Let x,y,z be non-negative real numbers satisfying the condition x+y+z=1 . The maximum possible value of x^3*y^3+y^3*z^3+z^3*x^3 has the form a/b where a and b are positive, coprime integers. What is the value of a+b ?
To find the maximum possible value of a given expression, we can use calculus. Let's consider the function f(x, y, z) = x^3*y^3 + y^3*z^3 + z^3*x^3.
First, we need to impose the constraint x + y + z = 1. To simplify things, we can rewrite this constraint as z = 1 - x - y.
Now, substitute z in terms of x and y into the function f(x, y, z):
f(x, y) = x^3 * y^3 + y^3 * (1 - x - y)^3 + (1 - x - y)^3 * x^3.
To find the maximum of this function, we need to take partial derivatives with respect to x and y and set them equal to zero.
∂f/∂x = 3x^2 * y^3 - 3y^3 * (1 - x - y)^2 + 3(1 - x - y)^2 * x^2 = 0.
∂f/∂y = 3x^3 * y^2 - 3(1 - x - y)^2 * y^2 + 3(1 - x - y)^2 * x^3 = 0.
Simplifying these equations, we get:
x^2 * y^2 - (1 - x - y)^2 * y^2 + (1 - x - y)^2 * x^2 = 0.
x^3 * y - (1 - x - y)^2 * y + (1 - x - y)^2 * x^3 = 0.
Solving these equations is a bit tedious, but we can use numerical methods or software to find the critical points. In this case, the critical points are x = y = z = 1/3.
Now, we need to check the endpoints of the feasible region. Since x, y, and z are non-negative, the endpoints are (1, 0, 0), (0, 1, 0), and (0, 0, 1).

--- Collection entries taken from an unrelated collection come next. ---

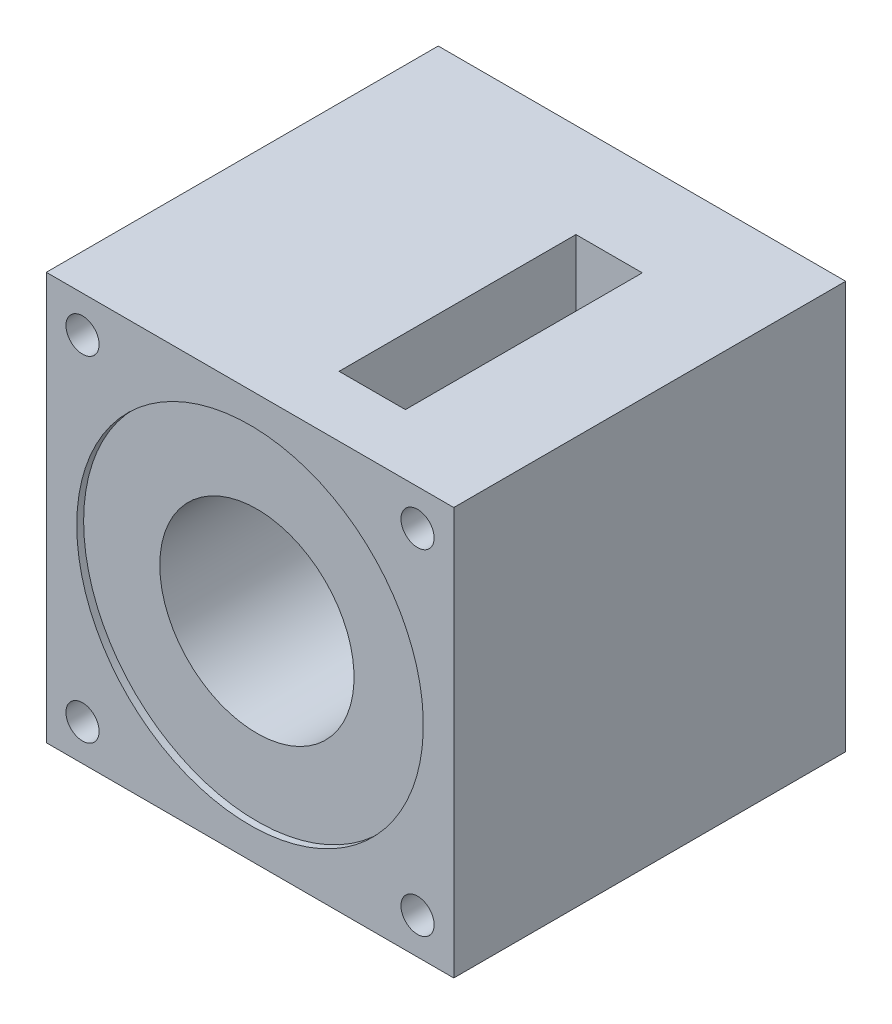
ISO-10303-21;
HEADER;
FILE_DESCRIPTION(('STEP AP214'),'2;1');
FILE_NAME('part.step','',(''),(''),'','','');
FILE_SCHEMA(('AUTOMOTIVE_DESIGN { 1 0 10303 214 1 1 1 1 }'));
ENDSEC;
DATA;
#1=APPLICATION_CONTEXT('core data for automotive mechanical design processes');
#2=APPLICATION_PROTOCOL_DEFINITION('international standard','automotive_design',2000,#1);
#3=PRODUCT_CONTEXT('',#1,'mechanical');
#4=PRODUCT('Part','Part','',(#3));
#5=PRODUCT_RELATED_PRODUCT_CATEGORY('part','',(#4));
#6=PRODUCT_DEFINITION_FORMATION('','',#4);
#7=PRODUCT_DEFINITION_CONTEXT('part definition',#1,'design');
#8=PRODUCT_DEFINITION('design','',#6,#7);
#9=PRODUCT_DEFINITION_SHAPE('','',#8);
#10=(LENGTH_UNIT() NAMED_UNIT(*) SI_UNIT(.MILLI.,.METRE.));
#11=(NAMED_UNIT(*) PLANE_ANGLE_UNIT() SI_UNIT($,.RADIAN.));
#12=(NAMED_UNIT(*) SI_UNIT($,.STERADIAN.) SOLID_ANGLE_UNIT());
#13=UNCERTAINTY_MEASURE_WITH_UNIT(LENGTH_MEASURE(1.E-05),#10,'distance_accuracy_value','');
#14=(GEOMETRIC_REPRESENTATION_CONTEXT(3) GLOBAL_UNCERTAINTY_ASSIGNED_CONTEXT((#13)) GLOBAL_UNIT_ASSIGNED_CONTEXT((#10,
#11,#12)) REPRESENTATION_CONTEXT('',''));
#15=CARTESIAN_POINT('',(0.,0.,0.));
#16=DIRECTION('',(0.,0.,1.));
#17=DIRECTION('',(1.,0.,0.));
#18=AXIS2_PLACEMENT_3D('',#15,#16,#17);
#19=CARTESIAN_POINT('',(-361.604600328338,151.580789289516,82.721));
#20=DIRECTION('',(-1.,0.,0.));
#21=DIRECTION('',(0.,0.,1.));
#22=AXIS2_PLACEMENT_3D('',#19,#20,#21);
#23=PLANE('',#22);
#24=DIRECTION('',(0.,1.,0.));
#25=VECTOR('',#24,1.);
#26=CARTESIAN_POINT('',(-361.604600328338,151.580789289516,0.));
#27=LINE('',#26,#25);
#28=CARTESIAN_POINT('',(-361.604600328338,151.580789289516,0.));
#29=VERTEX_POINT('',#28);
#30=CARTESIAN_POINT('',(-361.604600328338,237.580789289516,0.));
#31=VERTEX_POINT('',#30);
#32=EDGE_CURVE('E148',#29,#31,#27,.T.);
#33=ORIENTED_EDGE('',*,*,#32,.F.);
#34=DIRECTION('',(0.,0.,-1.));
#35=VECTOR('',#34,1.);
#36=CARTESIAN_POINT('',(-361.604600328338,151.580789289516,82.721));
#37=LINE('',#36,#35);
#38=CARTESIAN_POINT('',(-361.604600328338,151.580789289516,82.721));
#39=VERTEX_POINT('',#38);
#40=EDGE_CURVE('E11',#39,#29,#37,.T.);
#41=ORIENTED_EDGE('',*,*,#40,.F.);
#42=DIRECTION('',(0.,1.,0.));
#43=VECTOR('',#42,1.);
#44=CARTESIAN_POINT('',(-361.604600328338,151.580789289516,82.721));
#45=LINE('',#44,#43);
#46=CARTESIAN_POINT('',(-361.604600328338,237.580789289516,82.721));
#47=VERTEX_POINT('',#46);
#48=EDGE_CURVE('E151',#39,#47,#45,.T.);
#49=ORIENTED_EDGE('',*,*,#48,.T.);
#50=DIRECTION('',(0.,0.,-1.));
#51=VECTOR('',#50,1.);
#52=CARTESIAN_POINT('',(-361.604600328338,237.580789289516,82.721));
#53=LINE('',#52,#51);
#54=EDGE_CURVE('E164',#47,#31,#53,.T.);
#55=ORIENTED_EDGE('',*,*,#54,.T.);
#56=EDGE_LOOP('',(#33,#41,#49,#55));
#57=FACE_BOUND('',#56,.T.);
#58=ADVANCED_FACE('F35',(#57),#23,.T.);
#59=CARTESIAN_POINT('',(-275.604600328338,151.580789289516,82.721));
#60=DIRECTION('',(0.,-1.,0.));
#61=DIRECTION('',(0.,0.,-1.));
#62=AXIS2_PLACEMENT_3D('',#59,#60,#61);
#63=PLANE('',#62);
#64=DIRECTION('',(-1.,0.,0.));
#65=VECTOR('',#64,1.);
#66=CARTESIAN_POINT('',(-275.604600328338,151.580789289516,0.));
#67=LINE('',#66,#65);
#68=CARTESIAN_POINT('',(-275.604600328338,151.580789289516,0.));
#69=VERTEX_POINT('',#68);
#70=EDGE_CURVE('E155',#69,#29,#67,.T.);
#71=ORIENTED_EDGE('',*,*,#70,.F.);
#72=DIRECTION('',(0.,0.,-1.));
#73=VECTOR('',#72,1.);
#74=CARTESIAN_POINT('',(-275.604600328338,151.580789289516,82.721));
#75=LINE('',#74,#73);
#76=CARTESIAN_POINT('',(-275.604600328338,151.580789289516,82.721));
#77=VERTEX_POINT('',#76);
#78=EDGE_CURVE('E43',#77,#69,#75,.T.);
#79=ORIENTED_EDGE('',*,*,#78,.F.);
#80=DIRECTION('',(-1.,0.,0.));
#81=VECTOR('',#80,1.);
#82=CARTESIAN_POINT('',(-275.604600328338,151.580789289516,82.721));
#83=LINE('',#82,#81);
#84=EDGE_CURVE('E161',#77,#39,#83,.T.);
#85=ORIENTED_EDGE('',*,*,#84,.T.);
#86=ORIENTED_EDGE('',*,*,#40,.T.);
#87=EDGE_LOOP('',(#71,#79,#85,#86));
#88=FACE_BOUND('',#87,.T.);
#89=ADVANCED_FACE('F189',(#88),#63,.T.);
#90=CARTESIAN_POINT('',(-275.604600328338,237.580789289516,82.721));
#91=DIRECTION('',(1.,0.,0.));
#92=DIRECTION('',(0.,0.,-1.));
#93=AXIS2_PLACEMENT_3D('',#90,#91,#92);
#94=PLANE('',#93);
#95=DIRECTION('',(0.,-1.,0.));
#96=VECTOR('',#95,1.);
#97=CARTESIAN_POINT('',(-275.604600328338,237.580789289516,0.));
#98=LINE('',#97,#96);
#99=CARTESIAN_POINT('',(-275.604600328338,237.580789289516,0.));
#100=VERTEX_POINT('',#99);
#101=EDGE_CURVE('E170',#100,#69,#98,.T.);
#102=ORIENTED_EDGE('',*,*,#101,.F.);
#103=DIRECTION('',(0.,0.,-1.));
#104=VECTOR('',#103,1.);
#105=CARTESIAN_POINT('',(-275.604600328338,237.580789289516,82.721));
#106=LINE('',#105,#104);
#107=CARTESIAN_POINT('',(-275.604600328338,237.580789289516,82.721));
#108=VERTEX_POINT('',#107);
#109=EDGE_CURVE('E176',#108,#100,#106,.T.);
#110=ORIENTED_EDGE('',*,*,#109,.F.);
#111=DIRECTION('',(0.,-1.,0.));
#112=VECTOR('',#111,1.);
#113=CARTESIAN_POINT('',(-275.604600328338,237.580789289516,82.721));
#114=LINE('',#113,#112);
#115=EDGE_CURVE('E158',#108,#77,#114,.T.);
#116=ORIENTED_EDGE('',*,*,#115,.T.);
#117=ORIENTED_EDGE('',*,*,#78,.T.);
#118=EDGE_LOOP('',(#102,#110,#116,#117));
#119=FACE_BOUND('',#118,.T.);
#120=ADVANCED_FACE('F195',(#119),#94,.T.);
#121=CARTESIAN_POINT('',(-361.604600328338,237.580789289516,82.721));
#122=DIRECTION('',(0.,1.,0.));
#123=DIRECTION('',(0.,0.,1.));
#124=AXIS2_PLACEMENT_3D('',#121,#122,#123);
#125=PLANE('',#124);
#126=DIRECTION('',(0.,0.,1.));
#127=VECTOR('',#126,1.);
#128=CARTESIAN_POINT('',(-312.604600328338,237.580789289516,19.9307979365429));
#129=LINE('',#128,#127);
#130=CARTESIAN_POINT('',(-312.604600328338,237.580789289516,19.9307979365429));
#131=VERTEX_POINT('',#130);
#132=CARTESIAN_POINT('',(-312.604600328338,237.580789289516,69.9307979365429));
#133=VERTEX_POINT('',#132);
#134=EDGE_CURVE('E562',#131,#133,#129,.T.);
#135=ORIENTED_EDGE('',*,*,#134,.F.);
#136=DIRECTION('',(-1.,0.,0.));
#137=VECTOR('',#136,1.);
#138=CARTESIAN_POINT('',(-298.604600328338,237.580789289516,19.9307979365429));
#139=LINE('',#138,#137);
#140=CARTESIAN_POINT('',(-298.604600328338,237.580789289516,19.9307979365429));
#141=VERTEX_POINT('',#140);
#142=EDGE_CURVE('E120',#141,#131,#139,.T.);
#143=ORIENTED_EDGE('',*,*,#142,.F.);
#144=DIRECTION('',(0.,0.,-1.));
#145=VECTOR('',#144,1.);
#146=CARTESIAN_POINT('',(-298.604600328338,237.580789289516,69.9307979365429));
#147=LINE('',#146,#145);
#148=CARTESIAN_POINT('',(-298.604600328338,237.580789289516,69.9307979365429));
#149=VERTEX_POINT('',#148);
#150=EDGE_CURVE('E51',#149,#141,#147,.T.);
#151=ORIENTED_EDGE('',*,*,#150,.F.);
#152=DIRECTION('',(1.,0.,0.));
#153=VECTOR('',#152,1.);
#154=CARTESIAN_POINT('',(-312.604600328338,237.580789289516,69.9307979365429));
#155=LINE('',#154,#153);
#156=EDGE_CURVE('E560',#133,#149,#155,.T.);
#157=ORIENTED_EDGE('',*,*,#156,.F.);
#158=EDGE_LOOP('',(#135,#143,#151,#157));
#159=FACE_BOUND('',#158,.T.);
#160=DIRECTION('',(1.,0.,0.));
#161=VECTOR('',#160,1.);
#162=CARTESIAN_POINT('',(-361.604600328338,237.580789289516,0.));
#163=LINE('',#162,#161);
#164=EDGE_CURVE('E167',#31,#100,#163,.T.);
#165=ORIENTED_EDGE('',*,*,#164,.F.);
#166=ORIENTED_EDGE('',*,*,#54,.F.);
#167=DIRECTION('',(1.,0.,0.));
#168=VECTOR('',#167,1.);
#169=CARTESIAN_POINT('',(-361.604600328338,237.580789289516,82.721));
#170=LINE('',#169,#168);
#171=EDGE_CURVE('E154',#47,#108,#170,.T.);
#172=ORIENTED_EDGE('',*,*,#171,.T.);
#173=ORIENTED_EDGE('',*,*,#109,.T.);
#174=EDGE_LOOP('',(#165,#166,#172,#173));
#175=FACE_BOUND('',#174,.T.);
#176=ADVANCED_FACE('F183',(#159,#175),#125,.T.);
#177=CARTESIAN_POINT('',(0.,0.,82.721));
#178=DIRECTION('',(0.,0.,-1.));
#179=DIRECTION('',(-1.,0.,0.));
#180=AXIS2_PLACEMENT_3D('',#177,#178,#179);
#181=PLANE('',#180);
#182=CARTESIAN_POINT('',(-283.24926126901,159.225450230188,82.721));
#183=DIRECTION('',(0.,0.,1.));
#184=DIRECTION('',(1.,0.,0.));
#185=AXIS2_PLACEMENT_3D('',#182,#183,#184);
#186=CIRCLE('',#185,3.5);
#187=CARTESIAN_POINT('',(-279.74926126901,159.225450230188,82.721));
#188=VERTEX_POINT('',#187);
#189=EDGE_CURVE('E512',#188,#188,#186,.T.);
#190=ORIENTED_EDGE('',*,*,#189,.F.);
#191=EDGE_LOOP('',(#190));
#192=FACE_BOUND('',#191,.T.);
#193=CARTESIAN_POINT('',(-353.959939387665,229.936128348843,82.721));
#194=DIRECTION('',(0.,0.,1.));
#195=DIRECTION('',(1.,0.,0.));
#196=AXIS2_PLACEMENT_3D('',#193,#194,#195);
#197=CIRCLE('',#196,3.5);
#198=CARTESIAN_POINT('',(-350.459939387665,229.936128348843,82.721));
#199=VERTEX_POINT('',#198);
#200=EDGE_CURVE('E514',#199,#199,#197,.T.);
#201=ORIENTED_EDGE('',*,*,#200,.F.);
#202=EDGE_LOOP('',(#201));
#203=FACE_BOUND('',#202,.T.);
#204=CARTESIAN_POINT('',(-283.24926126901,229.936128348843,82.721));
#205=DIRECTION('',(0.,0.,1.));
#206=DIRECTION('',(1.,0.,0.));
#207=AXIS2_PLACEMENT_3D('',#204,#205,#206);
#208=CIRCLE('',#207,3.5);
#209=CARTESIAN_POINT('',(-279.74926126901,229.936128348843,82.721));
#210=VERTEX_POINT('',#209);
#211=EDGE_CURVE('E522',#210,#210,#208,.T.);
#212=ORIENTED_EDGE('',*,*,#211,.F.);
#213=EDGE_LOOP('',(#212));
#214=FACE_BOUND('',#213,.T.);
#215=CARTESIAN_POINT('',(-353.959939387665,159.225450230188,82.721));
#216=DIRECTION('',(0.,0.,1.));
#217=DIRECTION('',(1.,0.,0.));
#218=AXIS2_PLACEMENT_3D('',#215,#216,#217);
#219=CIRCLE('',#218,3.5);
#220=CARTESIAN_POINT('',(-350.459939387665,159.225450230188,82.721));
#221=VERTEX_POINT('',#220);
#222=EDGE_CURVE('E528',#221,#221,#219,.T.);
#223=ORIENTED_EDGE('',*,*,#222,.F.);
#224=EDGE_LOOP('',(#223));
#225=FACE_BOUND('',#224,.T.);
#226=CARTESIAN_POINT('',(-318.604600328338,194.580789289516,82.721));
#227=DIRECTION('',(0.,0.,1.));
#228=DIRECTION('',(-1.,0.,0.));
#229=AXIS2_PLACEMENT_3D('',#226,#227,#228);
#230=CIRCLE('',#229,36.575);
#231=CARTESIAN_POINT('',(-355.179600328338,194.580789289516,82.721));
#232=VERTEX_POINT('',#231);
#233=EDGE_CURVE('E142',#232,#232,#230,.T.);
#234=ORIENTED_EDGE('',*,*,#233,.F.);
#235=EDGE_LOOP('',(#234));
#236=FACE_BOUND('',#235,.T.);
#237=ORIENTED_EDGE('',*,*,#48,.F.);
#238=ORIENTED_EDGE('',*,*,#84,.F.);
#239=ORIENTED_EDGE('',*,*,#115,.F.);
#240=ORIENTED_EDGE('',*,*,#171,.F.);
#241=EDGE_LOOP('',(#237,#238,#239,#240));
#242=FACE_BOUND('',#241,.T.);
#243=ADVANCED_FACE('F192',(#192,#203,#214,#225,#236,#242),#181,.F.);
#244=CARTESIAN_POINT('',(0.,0.,0.));
#245=DIRECTION('',(0.,0.,-1.));
#246=DIRECTION('',(-1.,0.,0.));
#247=AXIS2_PLACEMENT_3D('',#244,#245,#246);
#248=PLANE('',#247);
#249=CARTESIAN_POINT('',(-283.604600328337,159.580789289516,0.));
#250=DIRECTION('',(0.,0.,-1.));
#251=DIRECTION('',(-1.,0.,0.));
#252=AXIS2_PLACEMENT_3D('',#249,#250,#251);
#253=CIRCLE('',#252,3.5);
#254=CARTESIAN_POINT('',(-287.104600328337,159.580789289516,0.));
#255=VERTEX_POINT('',#254);
#256=EDGE_CURVE('E534',#255,#255,#253,.T.);
#257=ORIENTED_EDGE('',*,*,#256,.F.);
#258=EDGE_LOOP('',(#257));
#259=FACE_BOUND('',#258,.T.);
#260=CARTESIAN_POINT('',(-283.604600328337,229.580789289516,0.));
#261=DIRECTION('',(0.,0.,-1.));
#262=DIRECTION('',(-1.,0.,0.));
#263=AXIS2_PLACEMENT_3D('',#260,#261,#262);
#264=CIRCLE('',#263,3.5);
#265=CARTESIAN_POINT('',(-287.104600328337,229.580789289516,0.));
#266=VERTEX_POINT('',#265);
#267=EDGE_CURVE('E540',#266,#266,#264,.T.);
#268=ORIENTED_EDGE('',*,*,#267,.F.);
#269=EDGE_LOOP('',(#268));
#270=FACE_BOUND('',#269,.T.);
#271=CARTESIAN_POINT('',(-353.604600328337,159.580789289516,0.));
#272=DIRECTION('',(0.,0.,-1.));
#273=DIRECTION('',(-1.,0.,0.));
#274=AXIS2_PLACEMENT_3D('',#271,#272,#273);
#275=CIRCLE('',#274,3.5);
#276=CARTESIAN_POINT('',(-357.104600328337,159.580789289516,0.));
#277=VERTEX_POINT('',#276);
#278=EDGE_CURVE('E546',#277,#277,#275,.T.);
#279=ORIENTED_EDGE('',*,*,#278,.F.);
#280=EDGE_LOOP('',(#279));
#281=FACE_BOUND('',#280,.T.);
#282=CARTESIAN_POINT('',(-353.604600328337,229.580789289516,0.));
#283=DIRECTION('',(0.,0.,-1.));
#284=DIRECTION('',(-1.,0.,0.));
#285=AXIS2_PLACEMENT_3D('',#282,#283,#284);
#286=CIRCLE('',#285,3.5);
#287=CARTESIAN_POINT('',(-357.104600328337,229.580789289516,0.));
#288=VERTEX_POINT('',#287);
#289=EDGE_CURVE('E552',#288,#288,#286,.T.);
#290=ORIENTED_EDGE('',*,*,#289,.F.);
#291=EDGE_LOOP('',(#290));
#292=FACE_BOUND('',#291,.T.);
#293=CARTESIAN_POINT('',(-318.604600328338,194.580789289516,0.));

Evaluating the function f at these critical points and endpoints:
f(1/3, 1/3, 1/3) = (1/3)^6 = 1/729.
f(1, 0, 0) = f(0, 1, 0) = f(0, 0, 1) = 0.
So, the maximum value of f is 1/729.
The expression 1/729 can be written as 1/729 = 1/3^6 = 1/(3^2)^3. Since 3 and 2 are coprime, the value of a (1) and b (729) share no common factors other than 1.
Therefore, the value of a + b is 1 + 729 = 730.